Milestone Systems has announced a new generative AI plug-in for its XProtect video management software, developed in collaboration with NVIDIA. The tool aims to automate video review and response, enabling faster decision-making and reducing operator fatigue. A beta version will debut at the Smart City Expo World Congress in Barcelona from 4 to 6 November, with general availability expected later this year.
The plug-in uses generative AI to summarise, contextualise, and validate video footage in real time. By automating the review process, it helps security and operations teams focus on critical incidents rather than being overwhelmed by the sheer volume of video data. Early findings suggest the technology could reduce operator alarm fatigue by up to 30 per cent.
Automating incident reports and improving alarm accuracy
The new XProtect plug-in introduces several key features designed to make video management more efficient. Automated incident reporting converts selected video clips into structured summaries, saving time on manual documentation. Event validation capabilities analyse motion events to confirm or dismiss alarms, reducing false positives and enhancing the accuracy of alerts.
Additionally, contextual bookmark summaries use natural language generation to produce concise overviews of bookmarked footage, allowing teams to quickly identify relevant moments without reviewing each video manually. The plug-in integrates directly with the XProtect rule engine and can be deployed on-premises or in the cloud, giving organisations flexibility in how they manage data compliance and infrastructure.
Built on ethical AI and real-world data
The new solution is powered by Milestone’s Hafnia Vision Language Model (VLM), which has been trained on 75,000 hours of ethically sourced real-world video data from Europe and the United States. Data preparation is supported by NVIDIA Cosmos Curator, and the system runs on either cloud or regional data centres powered by NVIDIA technology. It also leverages the NVIDIA Cosmos Reason VLM, positioning it as one of the most advanced and compliant video AI platforms available.
Thomas Jensen, CEO of Milestone Systems, said, “With this new XProtect plug-in, we are making advanced video intelligence accessible to cities, organisations, and operators everywhere who manage traffic systems – helping them unlock new levels of efficiency, safety, and insight. XProtect users will get access to state-of-the-art generative AI capabilities, and our partners will be able to build value on top of those new capabilities now available within XProtect. It truly marks a pivotal step in our mission to transform how the world manages and learns from visual data, responsibly and at scale.”
Cities such as Genoa in Italy and Dubuque in Iowa are among the early adopters, using Milestone’s AI-driven solutions to enhance their traffic management systems.

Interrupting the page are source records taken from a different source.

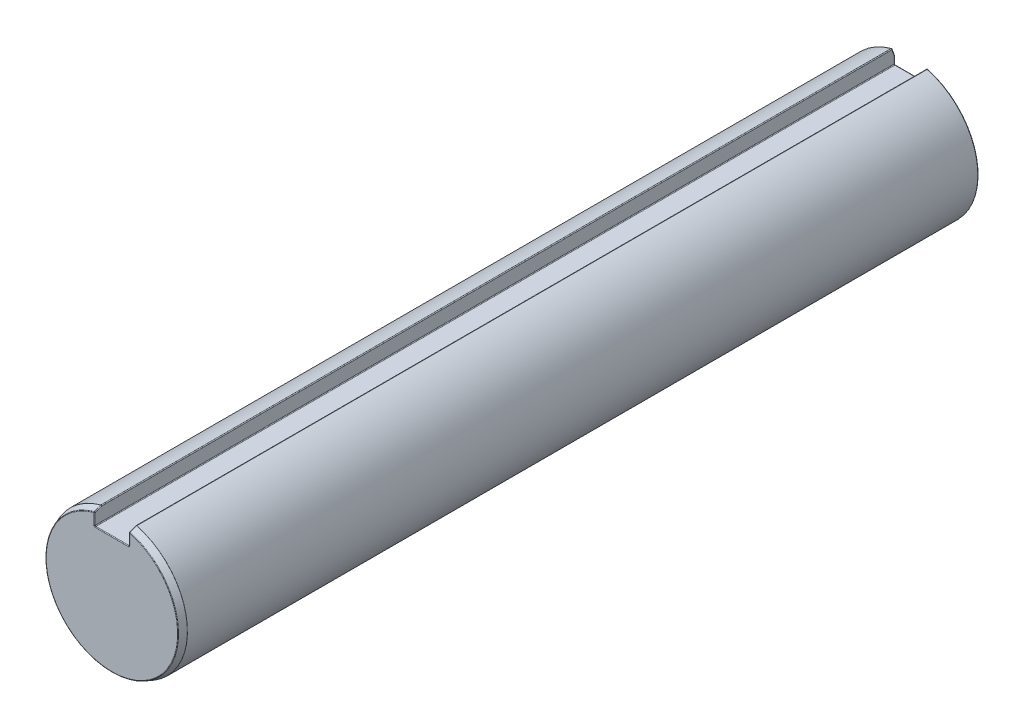
SolidWorks part; units mm, degrees
ref_plane "Front Plane" through (0, 0, 0) normal (0, 0, 1) x (1, 0, 0)
ref_plane "Top Plane" through (0, 0, 0) normal (0, 1, 0) x (1, 0, 0)
ref_plane "Right Plane" through (0, 0, 0) normal (1, 0, 0) x (0, 0, -1)
sketch "Sketch1" plane through (0, 0, 0) normal (0, 0, 1) x (1, 0, 0)
  line L1 (-1.1938, 3.5719) -> (1.1938, 3.5719)
  line L2 (-1.1938, 3.5719) -> (-1.1938, 4.7625)
  line L3 (-1.1938, 4.7625) -> (1.1938, 4.7625)
  line L4 (1.1938, 3.5719) -> (1.1938, 4.7625)
  line L5 (-1.1938, 3.5719) -> (1.1938, 4.7625) construction
  line L6 (-1.1938, 4.7625) -> (1.1938, 3.5719) construction
  circle A0 centre (0, 0) radius 4.7625
  point P3 (0, 4.1672)
  dimension "Diameter" = 9.525
  dimension "Keyway Width" = 2.3876
  dimension "Keyway Depth" = 1.1906
sketch "Sketch2" plane through (0, 0, 0) normal (1, 0, 0) x (0, 0, -1)
  line L0 (0, 4.7625) -> (0, -4.7625) construction
  line L2 (76.2, -4.7625) -> (-76.2, -4.7625)
  line L3 (76.2, -4.7625) -> (76.2, 4.7625)
  line L4 (76.2, 4.7625) -> (-76.2, 4.7625)
  line L5 (-76.2, -4.7625) -> (-76.2, 4.7625)
  line L6 (76.2, -4.7625) -> (-76.2, 4.7625) construction
  line L7 (76.2, 4.7625) -> (-76.2, -4.7625) construction
  line L8 (-76.2, -4.7625) -> (76.2, -4.7625)
  point P0 (0, 0)
  point P3 (0, 0)
  point P9 (-61.9125, -4.7625)
  point P11 (61.9125, -4.7625)
  point P15 (0, -4.7625)
  dimension "Length" = 152.4
  dimension "Keyway Length" = 152.4
  dimension "D1" = 14.2875
  dimension "D2" = 14.2875
sketch "Sketch3" plane through (0, 0, 0) normal (0, 0, 1) x (1, 0, 0)
  line L1 (-1.1938, 4.7625) -> (1.1938, 4.7625)
  line L2 (-1.1938, 4.7625) -> (-1.1938, 3.5719)
  line L3 (-1.1938, 3.5719) -> (1.1938, 3.5719)
  line L4 (1.1938, 4.7625) -> (1.1938, 3.5719)
  circle A0 centre (0, 0) radius 4.7625 construction
  circle A1 centre (0, 0) radius 4.7625
extrude "Boss-Extrude1" add sketch "Sketch3" along normal blind 27.75 and the other way blind 27.75 contours L2 A1 L4 L3 region at (0, -0.1646, 0)
chamfer "Chamfer1" distance 0.4763 angle 20 2 edges at (0, -4.7625, -27.75) (0, -4.7625, 27.75) first distance on face at (0, 1.7479, -27.75) first distance on face at (0, -0.076, 0)
fillet "Fillet1" radius 0.0476 18 edges at (0, -4.5892, 27.75) (0, -4.2863, -27.75) (0, -4.7625, -27.5767) (0, -4.7625, 27.2738) (-1.1938, 4.6104, -0.1515) (1.1938, 4.6104, -0.1515) (1.1938, 3.5719, 0) (-1.1938, 3.5719, 0) (0, 3.5719, 27.75) (1.1938, 4.0015, 27.75) (-1.1938, 4.0015, 27.75) (0, 3.5719, -27.75) (1.1938, 3.8443, -27.75) (-1.1938, 3.8443, -27.75)
equation "\"D1@Chamfer1\"=\"Diameter@Sketch1\"*.05"
equation "\"D1@Fillet1\"=\"Diameter@Sketch1\"*.005"
equation "\"D2@Sketch2\"=\"D1@Sketch2\""
equation "\"D1@Sketch2\"=\"Diameter@Sketch1\"*1.5"
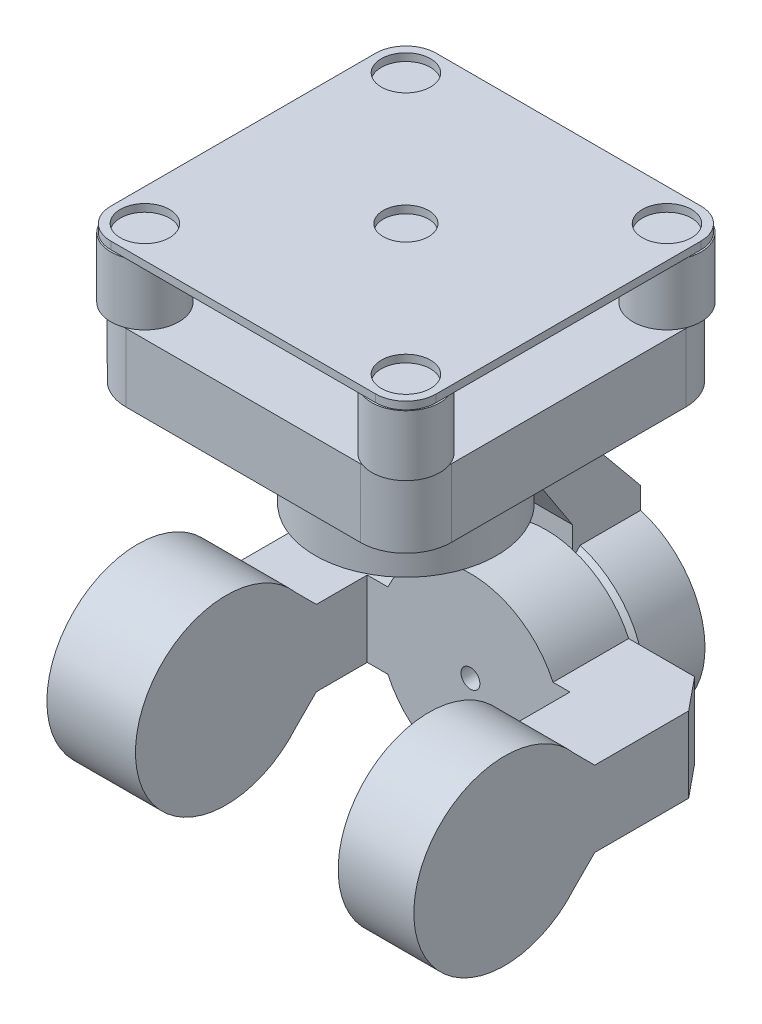
SolidWorks part; units mm, degrees
ref_plane "Front Plane" through (0, 0, 0) normal (0, 0, 1) x (1, 0, 0)
ref_plane "Top Plane" through (0, 0, 0) normal (0, 1, 0) x (1, 0, 0)
ref_plane "Right Plane" through (0, 0, 0) normal (1, 0, 0) x (0, 0, -1)
sketch "Sketch1" plane through (0, 0, 0) normal (0, 1, 0) x (1, 0, 0)
  line L1 (-17.5, -21.5) -> (17.5, -21.5)
  line L2 (-21.5, -17.5) -> (-21.5, 17.5)
  line L3 (-17.5, 21.5) -> (17.5, 21.5)
  line L4 (21.5, -17.5) -> (21.5, 17.5)
  line L5 (-21.5, -21.5) -> (21.5, 21.5) construction
  line L6 (-21.5, 21.5) -> (21.5, -21.5) construction
  line L7 (17.25, -17.25) -> (-17.25, -17.25) construction
  line L8 (17.25, -17.25) -> (17.25, 17.25) construction
  line L9 (17.25, 17.25) -> (-17.25, 17.25) construction
  line L10 (-17.25, -17.25) -> (-17.25, 17.25) construction
  line L11 (17.25, -17.25) -> (-17.25, 17.25) construction
  line L12 (17.25, 17.25) -> (-17.25, -17.25) construction
  arc A0 (17.5, -21.5) -> (21.5, -17.5) centre (17.5, -17.5) ccw
  arc A1 (-17.5, -21.5) -> (-21.5, -17.5) centre (-17.5, -17.5) cw
  arc A2 (-21.5, 17.5) -> (-17.5, 21.5) centre (-17.5, 17.5) cw
  arc A3 (17.5, 21.5) -> (21.5, 17.5) centre (17.5, 17.5) cw
  circle A4 centre (-17.25, 17.25) radius 3.25
  circle A5 centre (17.25, 17.25) radius 3.25
  circle A6 centre (17.25, -17.25) radius 3.25
  circle A7 centre (-17.25, -17.25) radius 3.25
  point P0 (0, 0)
  point P18 (0, 0)
  dimension "D2" = 4
  dimension "D4" = 6.5
  dimension "D1" = 43
  dimension "D3" = 34.5
extrude "Boss-Extrude1" add sketch "Sketch1" along normal blind 1
sketch "Sketch3" plane through (0, 0, 0) normal (0, -1, 0) x (1, 0, 0)
  circle A0 centre (-17.25, 17.25) radius 4.5
  circle A1 centre (17.25, 17.25) radius 4.5
  circle A2 centre (17.25, -17.25) radius 4.5
  circle A3 centre (-17.25, -17.25) radius 4.5
  circle A4 centre (17.25, 17.25) radius 3.25 construction
  circle A5 centre (-17.25, -17.25) radius 3.25 construction
  dimension "D1" = 9
extrude "Boss-Extrude2" add sketch "Sketch3" along normal blind 8
sketch "Sketch4" plane through (0, -8, 0) normal (0, -1, 0) x (1, 0, 0)
  line L0 (-15.771, 21.5) -> (15.771, 21.5) construction
  line L1 (21.5, -21.5) -> (-21.5, -21.5)
  line L2 (21.5, -21.5) -> (21.5, 21.5)
  line L3 (21.5, 21.5) -> (-21.5, 21.5)
  line L4 (-21.5, -21.5) -> (-21.5, 21.5)
  line L5 (21.5, -21.5) -> (-21.5, 21.5) construction
  line L6 (21.5, 21.5) -> (-21.5, -21.5) construction
  line L7 (-21.5, -15.771) -> (-21.5, 15.771) construction
  point P0 (0, 0)
extrude "Boss-Extrude3" add sketch "Sketch4" along normal blind 9
fillet "Fillet1" radius 6 4 edges at (21.5, -12.5, 21.5) (21.5, -12.5, -21.5) (-21.5, -12.5, -21.5) (-21.5, -12.5, 21.5)
sketch "Sketch5" plane through (0, -17, 0) normal (0, -1, 0) x (1, 0, 0)
  circle A0 centre (0, 0) radius 12
  dimension "D1" = 24
extrude "Boss-Extrude4" add sketch "Sketch5" along normal blind 14
sketch "Sketch6" plane through (0, -17, 0) normal (0, -1, 0) x (1, 0, 0)
  circle A0 centre (0, 0) radius 12 construction
  circle A1 centre (0, 0) radius 12
  circle A2 centre (0, 0) radius 11
  dimension "D1" = 1
extrude "Cut-Extrude1" cut sketch "Sketch6" against normal blind 1 from offset 8
sketch "Sketch7" plane through (0, 0, 0) normal (1, 0, 0) x (0, 0, -1)
  line L0 (0, -25) -> (14.3688, -25)
  line L1 (12, -25) -> (-12, -25) construction
  line L2 (14.3688, -25) -> (27.5275, -41)
  line L3 (27.5275, -41) -> (27.5275, -66.7886)
  line L4 (27.5275, -66.7886) -> (18.5275, -66.7886)
  line L5 (18.5275, -66.7886) -> (18.5275, -41)
  line L6 (18.5275, -41) -> (12, -31)
  line L7 (12, -31) -> (12, -25) construction
  line L8 (-12, -31) -> (12, -31) construction
  line L9 (12, -31) -> (0, -31)
  line L10 (0, -31) -> (0, -25)
  dimension "D1" = 9
  dimension "D2" = 10
extrude "Boss-Extrude5" add sketch "Sketch7" along normal mid plane 7
fillet "Fillet2" radius 4 1 edges at (0, -31, -12)
sketch "Sketch8" plane through (0, 0, -18.5275) normal (0, 0, 1) x (1, 0, 0)
  circle A0 centre (0, -55.3104) radius 12
  dimension "D1" = 24
extrude "Boss-Extrude6" add sketch "Sketch8" against normal up to surface (9 mm away) up to face at (0, -53.8943, -27.5275)
chamfer "Chamfer1" distance 1 angle 45 1 edges at (0, -67.3104, -18.5275)
sketch "Sketch10" plane through (0, 0, -18.5275) normal (0, 0, 1) x (1, 0, 0)
  circle A0 centre (0, -55.3104) radius 12
  arc A1 (-3.5, -43.8321) -> (3.5, -43.8321) centre (0, -55.3104) ccw construction
extrude "Boss-Extrude7" add sketch "Sketch10" along normal blind 10
ref_axis "Axis1" through (0, -55.3104, -8.5275) along (0, 0, -1)
ref_plane "Plane2" through (0, -55.3104, 0) normal (0, 1, 0) x (1, 0, 0)
sketch "Sketch11" plane through (0, -55.3104, 0) normal (0, 1, 0) x (1, 0, 0)
  line L0 (-13.6386, -5.3522) -> (-13.6386, 8.5275)
  line L1 (-13.6386, 8.5275) -> (13.1505, 8.5275)
  line L2 (13.1505, 8.5275) -> (13.1505, -5.3522)
  line L3 (13.1505, -5.3522) -> (23.154, -5.3522)
  line L4 (23.154, -5.3522) -> (23.154, 14.2125)
  line L5 (23.154, 14.2125) -> (19.621, 18.5275)
  line L6 (19.621, 18.5275) -> (-23.6421, 18.5275)
  line L7 (-23.6421, 18.5275) -> (-23.6421, -5.3522)
  line L8 (-23.6421, -5.3522) -> (-13.6386, -5.3522)
  line L9 (11, 18.5275) -> (-11, 18.5275) construction
  line L10 (-12, 8.5275) -> (12, 8.5275) construction
extrude "Boss-Extrude8" add sketch "Sketch11" along normal mid plane 10
sketch "Sketch12" plane through (23.154, 0, 0) normal (1, 0, 0) x (0, 0, -1)
  line L0 (-5.3522, -50.3104) -> (-5.3522, -60.3104) construction
  circle A0 centre (-10.1052, -55.3104) radius 12
  point P4 (-5.3522, -55.3104)
  dimension "D1" = 24
extrude "Boss-Extrude9" add sketch "Sketch12" against normal blind 48.5
sketch "Sketch13" plane through (0, -60.3104, 0) normal (0, -1, 0) x (1, 0, 0)
  line L0 (13.1505, -8.5275) -> (13.1505, -0.8035) construction
  line L1 (-13.6386, -8.5275) -> (13.1505, -8.5275)
  line L2 (-13.6386, -8.5275) -> (-13.6386, 39.8305)
  line L3 (-13.6386, 39.8305) -> (13.1505, 39.8305)
  line L4 (13.1505, -8.5275) -> (13.1505, 39.8305)
extrude "Cut-Extrude2" cut sketch "Sketch13" against normal blind 20 and the other way through all
ref_plane "Plane3" through (0, -66.5, 0) normal (0, 1, 0) x (1, 0, 0)
ref_plane "Plane4" through (0, 0, 21.4725) normal (0, 0, -1) x (-1, 0, 0)
sketch "Sketch14" plane through (0, 0, 0) normal (1, 0, 0) x (0, 0, -1)
  circle A0 centre (0, 0) radius 1.5
  dimension "D1" = 3
extrude "Boss-Extrude10" [suppressed] add sketch "Sketch14" along normal mid plane 60
chamfer "Chamfer2" distance 1 angle 45 2 edges at (-18.6404, -50.3104, -0.8035) (18.1522, -50.3104, -0.8035) first distance on face at (-16.0631, -50.3104, -9.2862) first distance on face at (16.2925, -50.3104, -9.9899)
chamfer "Chamfer4" distance 1 angle 45 1 edges at (18.1522, -60.3104, -0.8035) first distance on face at (16.2925, -60.3104, -9.9899)
chamfer "Chamfer5" distance 1 angle 45 1 edges at (-18.6404, -60.3104, -0.8035) first distance on face at (-16.0631, -60.3104, -9.2862)
ref_plane "Plane5" through (19.621, -60.3104, -18.5275) normal (0, -1, 0) x (-1, 0, 0)
sketch "Sketch17" plane through (0, 0, -27.5275) normal (0, 0, -1) x (-1, 0, 0)
  circle A0 centre (0, -55.3104) radius 1.25
  arc A1 (-3.5, -43.8321) -> (3.5, -43.8321) centre (0, -55.3104) ccw construction
  dimension "D1" = 2.5
extrude "Cut-Extrude4" cut sketch "Sketch17" against normal through all
sketch "Sketch16" plane through (0, 0, 0) normal (1, 0, 0) x (0, 0, -1)
  line L0 (18.5275, -41.5648) -> (18.5275, -67.3952)
  line L1 (18.5275, -67.3952) -> (42.5612, -67.3952)
  line L2 (42.5612, -67.3952) -> (41.4337, 8.6048)
  line L3 (41.4337, 8.6048) -> (-25.3031, 8.6048)
  line L4 (-25.3031, 8.6048) -> (-25.3031, -33.7242)
  line L5 (-25.3031, -33.7242) -> (18.5275, -41.5648)
  line L6 (18.5275, -67.3104) -> (18.5275, -60.3104) construction
extrude "Cut-Extrude3" [suppressed] cut sketch "Sketch16" against normal mid plane 72
chamfer "Chamfer6" [suppressed] distance 2 angle 45
sketch "Sketch18" plane through (0, 1, 0) normal (0, 1, 0) x (1, 0, 0)
  circle A0 centre (0, 0) radius 3
  dimension "D1" = 6
extrude "Cut-Extrude5" cut sketch "Sketch18" against normal up to next
sketch "Sketch19" plane through (0, -31, 0) normal (0, -1, 0) x (1, 0, 0)
  circle A0 centre (0, 0) radius 1.5
  dimension "D1" = 3
extrude "Cut-Extrude6" cut sketch "Sketch19" against normal through all

Opening innovation through VLM-as-a-Service
Milestone’s plans extend beyond the XProtect plug-in. The company is introducing Vision Language Model-as-a-Service (VLMaaS) through APIs, allowing developers, system integrators, and partners to build their own generative AI solutions regardless of the video management platform they use.
Live demonstrations of the plug-in will be featured at the Smart City Expo World Congress, presented in partnership with Vaidio at the Dell booth. The showcase will include an AI model benchmarking tool and real-time incident summarisation.
Milestone will continue highlighting its AI developments at the upcoming Developer Summit in Copenhagen on 10 and 11 November. The event will feature new capabilities of the Hafnia VLM and announce the winners of the Hafnia Hackathon.
Founded in 1998 and headquartered in Copenhagen, Milestone Systems is a global leader in data-driven video technology, serving sectors such as law enforcement, manufacturing, retail, airports, and traffic management. The company employs over 1,500 people worldwide and has been an independent part of the Canon Group since 2014.